Mais do que a brincadeira, resolvo observar a reação dos motoristas. Obviamente há os que recebem os estudantes com cara de mau humor, que é o meu caso, pois detesto essas palhaçadas. Mas há uma parcela grande, se é que não posso dizer a maioria, que procura por moedas no cinzeiro e dá uma singela ajuda para a bebedeira, que é descaradamente anunciada no pedido de esmola. Esse é o ponto-chave que tento refletir. Por que os motoristas são tão receptivos com esses covers de mendigo, enquanto fecham o vidro na cara dos mendigos verdadeiros?
É simples: identidade. Os covers são cheirosinhos, as meninas são gostosinhas, têm ares de mulher desabrochando, bochechas rosadas e cabelos sedosos. Os rapazes exibem dentes bonitos e feições alegres. Ambos se vestem com roupas e tênis bonitos. Então, eles se parecem com nossos filhos, nossos irmãos... se parecem conosco! Os mendigos reais não. Eles fedem, são maltrapilhos, feios, piolhentos, pulguentos e mijados. Para a menina que bateu na janela do carro ao meu lado, o motorista prontamente abriu o vidro e cedeu umas moedas, roçando a mão na mão dela, de forma pausada e safada, enquanto pareceu pronunciar um gracejo. Para os mendigos fedidos, quando eventualmente damos algum trocado é porque não tivemos tempo hábil de fechar o vidro e precisamos nos livrar deles rápido. Ao dar a esmola a estes, fazemos o dinheiro "pingar" nas mãos deles, para que não haja nenhum contágio, principalmente com sua miséria. Não estou defendendo o ato de dar esmola ou não, para quem quer que seja. Isso é pessoal, tanto no que se refere aos covers de mendigo, quanto aos seus originais.

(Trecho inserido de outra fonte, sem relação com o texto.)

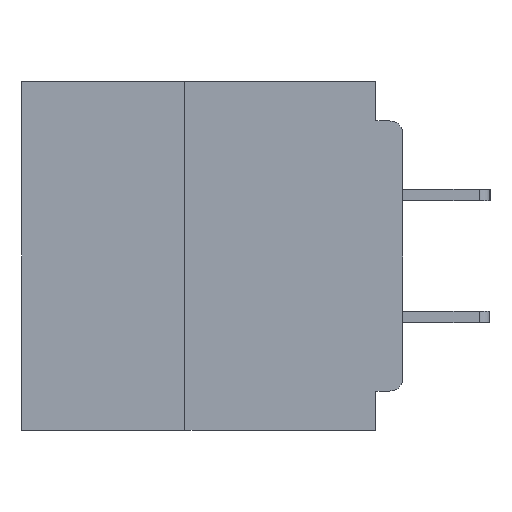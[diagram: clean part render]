
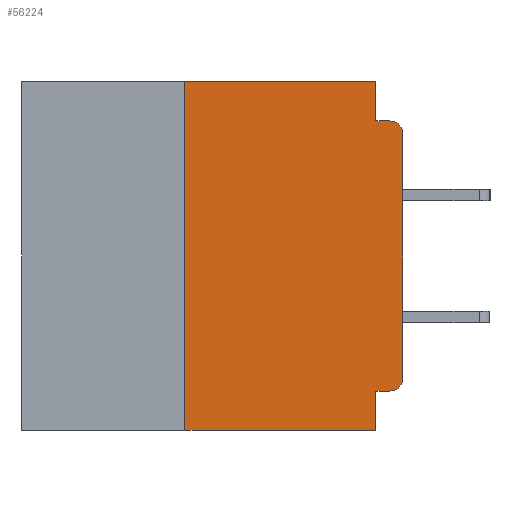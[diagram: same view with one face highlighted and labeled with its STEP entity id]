
A CAD part, left-side view. The second image highlights one B-rep face of the part: STEP entity #56224.
In plain terms, the highlighted planar face has unit normal (-1, 0, 0).
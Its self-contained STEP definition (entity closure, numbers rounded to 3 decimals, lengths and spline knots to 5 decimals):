
#358 = CARTESIAN_POINT ( 'NONE',  ( 0., 0.031, 0. ) ) ;
#1249 = VERTEX_POINT ( 'NONE', #46109 ) ;
#3117 = CARTESIAN_POINT ( 'NONE',  ( 0., 0.031, -0.045 ) ) ;
#3410 = EDGE_CURVE ( 'NONE', #4183, #54409, #63756, .T. ) ;
#3539 = VERTEX_POINT ( 'NONE', #32500 ) ;
#3722 = ORIENTED_EDGE ( 'NONE', *, *, #40567, .F. ) ;
#3760 = CARTESIAN_POINT ( 'NONE',  ( 0., 0.437, 0. ) ) ;
#3848 = VERTEX_POINT ( 'NONE', #5616 ) ;
#4183 = VERTEX_POINT ( 'NONE', #62560 ) ;
#5325 = DIRECTION ( 'NONE',  ( 0., 0., -1. ) ) ;
#5616 = CARTESIAN_POINT ( 'NONE',  ( 0., 0.031, -0.355 ) ) ;
#6144 = ORIENTED_EDGE ( 'NONE', *, *, #40967, .F. ) ;
#8761 = DIRECTION ( 'NONE',  ( 0., 0., -1. ) ) ;
#9203 = VECTOR ( 'NONE', #43564, 39.37008 ) ;
#9832 = LINE ( 'NONE', #18940, #33000 ) ;
#10260 = CARTESIAN_POINT ( 'NONE',  ( 0., 0.25, -0.4 ) ) ;
#11059 = VECTOR ( 'NONE', #30603, 39.37008 ) ;
#13950 = DIRECTION ( 'NONE',  ( 0., -1., 0. ) ) ;
#15277 = EDGE_CURVE ( 'NONE', #51838, #3539, #50023, .T. ) ;
#15339 = VERTEX_POINT ( 'NONE', #43985 ) ;
#15821 = ORIENTED_EDGE ( 'NONE', *, *, #55965, .T. ) ;
#18940 = CARTESIAN_POINT ( 'NONE',  ( 0., 0., -0.045 ) ) ;
#19956 = CARTESIAN_POINT ( 'NONE',  ( 0., 0.015, -0.045 ) ) ;
#21312 = LINE ( 'NONE', #358, #41366 ) ;
#21325 = CARTESIAN_POINT ( 'NONE',  ( 0., 0., 0. ) ) ;
#21697 = EDGE_CURVE ( 'NONE', #3848, #3539, #26918, .T. ) ;
#22307 = ORIENTED_EDGE ( 'NONE', *, *, #48400, .T. ) ;
#23261 = CARTESIAN_POINT ( 'NONE',  ( 0., 0.031, -0.4 ) ) ;
#23424 = PLANE ( 'NONE',  #28163 ) ;
#24057 = VERTEX_POINT ( 'NONE', #3117 ) ;
#25215 = AXIS2_PLACEMENT_3D ( 'NONE', #48328, #48281, #48274 ) ;
#26051 = CARTESIAN_POINT ( 'NONE',  ( 0., 0.015, -0.06 ) ) ;
#26251 = DIRECTION ( 'NONE',  ( 0., 0., 1. ) ) ;
#26586 = ORIENTED_EDGE ( 'NONE', *, *, #15277, .T. ) ;
#26918 = LINE ( 'NONE', #23261, #36970 ) ;
#28163 = AXIS2_PLACEMENT_3D ( 'NONE', #3760, #38353, #8761 ) ;
#28790 = VECTOR ( 'NONE', #59120, 39.37008 ) ;
#30379 = CARTESIAN_POINT ( 'NONE',  ( 0., 0.031, 0. ) ) ;
#30603 = DIRECTION ( 'NONE',  ( 0., -1., 0. ) ) ;
#31041 = DIRECTION ( 'NONE',  ( 0., 0., -1. ) ) ;
#32500 = CARTESIAN_POINT ( 'NONE',  ( 0., 0.031, -0.4 ) ) ;
#32940 = CARTESIAN_POINT ( 'NONE',  ( 0., 0., -0.34 ) ) ;
#33000 = VECTOR ( 'NONE', #13950, 39.37008 ) ;
#33510 = EDGE_CURVE ( 'NONE', #35465, #24057, #21312, .T. ) ;
#35465 = VERTEX_POINT ( 'NONE', #30379 ) ;
#35486 = AXIS2_PLACEMENT_3D ( 'NONE', #26051, #60427, #31041 ) ;
#36970 = VECTOR ( 'NONE', #52902, 39.37008 ) ;
#37571 = LINE ( 'NONE', #21325, #49032 ) ;
#38292 = LINE ( 'NONE', #56049, #51287 ) ;
#38353 = DIRECTION ( 'NONE',  ( 1., 0., 0. ) ) ;
#38672 = CARTESIAN_POINT ( 'NONE',  ( 0., 0.437, -0.4 ) ) ;
#39469 = EDGE_CURVE ( 'NONE', #51838, #15339, #38292, .T. ) ;
#40567 = EDGE_CURVE ( 'NONE', #15339, #35465, #50353, .T. ) ;
#40967 = EDGE_CURVE ( 'NONE', #4183, #3848, #43421, .T. ) ;
#41366 = VECTOR ( 'NONE', #5325, 39.37008 ) ;
#41934 = ORIENTED_EDGE ( 'NONE', *, *, #3410, .T. ) ;
#42942 = VERTEX_POINT ( 'NONE', #19956 ) ;
#43421 = LINE ( 'NONE', #58909, #28790 ) ;
#43564 = DIRECTION ( 'NONE',  ( 0., -1., 0. ) ) ;
#43985 = CARTESIAN_POINT ( 'NONE',  ( 0., 0.25, 0. ) ) ;
#44079 = ORIENTED_EDGE ( 'NONE', *, *, #21697, .F. ) ;
#45116 = ORIENTED_EDGE ( 'NONE', *, *, #39469, .F. ) ;
#45208 = CARTESIAN_POINT ( 'NONE',  ( 0., 0.437, 0. ) ) ;
#46109 = CARTESIAN_POINT ( 'NONE',  ( 0., 0., -0.06 ) ) ;
#46219 = DIRECTION ( 'NONE',  ( 0., 0., 1. ) ) ;
#47085 = EDGE_LOOP ( 'NONE', ( #15821, #22307, #47858, #49855, #3722, #45116, #26586, #44079, #6144, #41934 ) ) ;
#47858 = ORIENTED_EDGE ( 'NONE', *, *, #61008, .F. ) ;
#48228 = FACE_OUTER_BOUND ( 'NONE', #47085, .T. ) ;
#48274 = DIRECTION ( 'NONE',  ( 0., 0., -1. ) ) ;
#48281 = DIRECTION ( 'NONE',  ( -1., 0., 0. ) ) ;
#48328 = CARTESIAN_POINT ( 'NONE',  ( 0., 0.015, -0.34 ) ) ;
#48400 = EDGE_CURVE ( 'NONE', #1249, #42942, #53393, .T. ) ;
#49032 = VECTOR ( 'NONE', #26251, 39.37008 ) ;
#49855 = ORIENTED_EDGE ( 'NONE', *, *, #33510, .F. ) ;
#50023 = LINE ( 'NONE', #38672, #9203 ) ;
#50353 = LINE ( 'NONE', #45208, #11059 ) ;
#51287 = VECTOR ( 'NONE', #46219, 39.37008 ) ;
#51838 = VERTEX_POINT ( 'NONE', #10260 ) ;
#52902 = DIRECTION ( 'NONE',  ( 0., 0., -1. ) ) ;
#53393 = CIRCLE ( 'NONE', #35486, 0.015 ) ;
#54409 = VERTEX_POINT ( 'NONE', #32940 ) ;
#55965 = EDGE_CURVE ( 'NONE', #54409, #1249, #37571, .T. ) ;
#56049 = CARTESIAN_POINT ( 'NONE',  ( 0., 0.25, -0.4 ) ) ;
#56224 = ADVANCED_FACE ( 'NONE', ( #48228 ), #23424, .F. ) ;
#58909 = CARTESIAN_POINT ( 'NONE',  ( 0., 0., -0.355 ) ) ;
#59120 = DIRECTION ( 'NONE',  ( 0., 1., 0. ) ) ;
#60427 = DIRECTION ( 'NONE',  ( -1., 0., 0. ) ) ;
#61008 = EDGE_CURVE ( 'NONE', #24057, #42942, #9832, .T. ) ;
#62560 = CARTESIAN_POINT ( 'NONE',  ( 0., 0.015, -0.355 ) ) ;
#63756 = CIRCLE ( 'NONE', #25215, 0.015 ) ;

Mas é fato que a solidariedade é seletiva. O nojo e a repulsa também.
Em tempo: Na falta de outra, a foto postada é de um "trote solidário". Consta no jornal que os alunos dessa coletaram dinheiro e doaram à famílias carentes. Somente nesse dia. Nos demais as famílias continuaram carentes e os estudantes foram para o bar.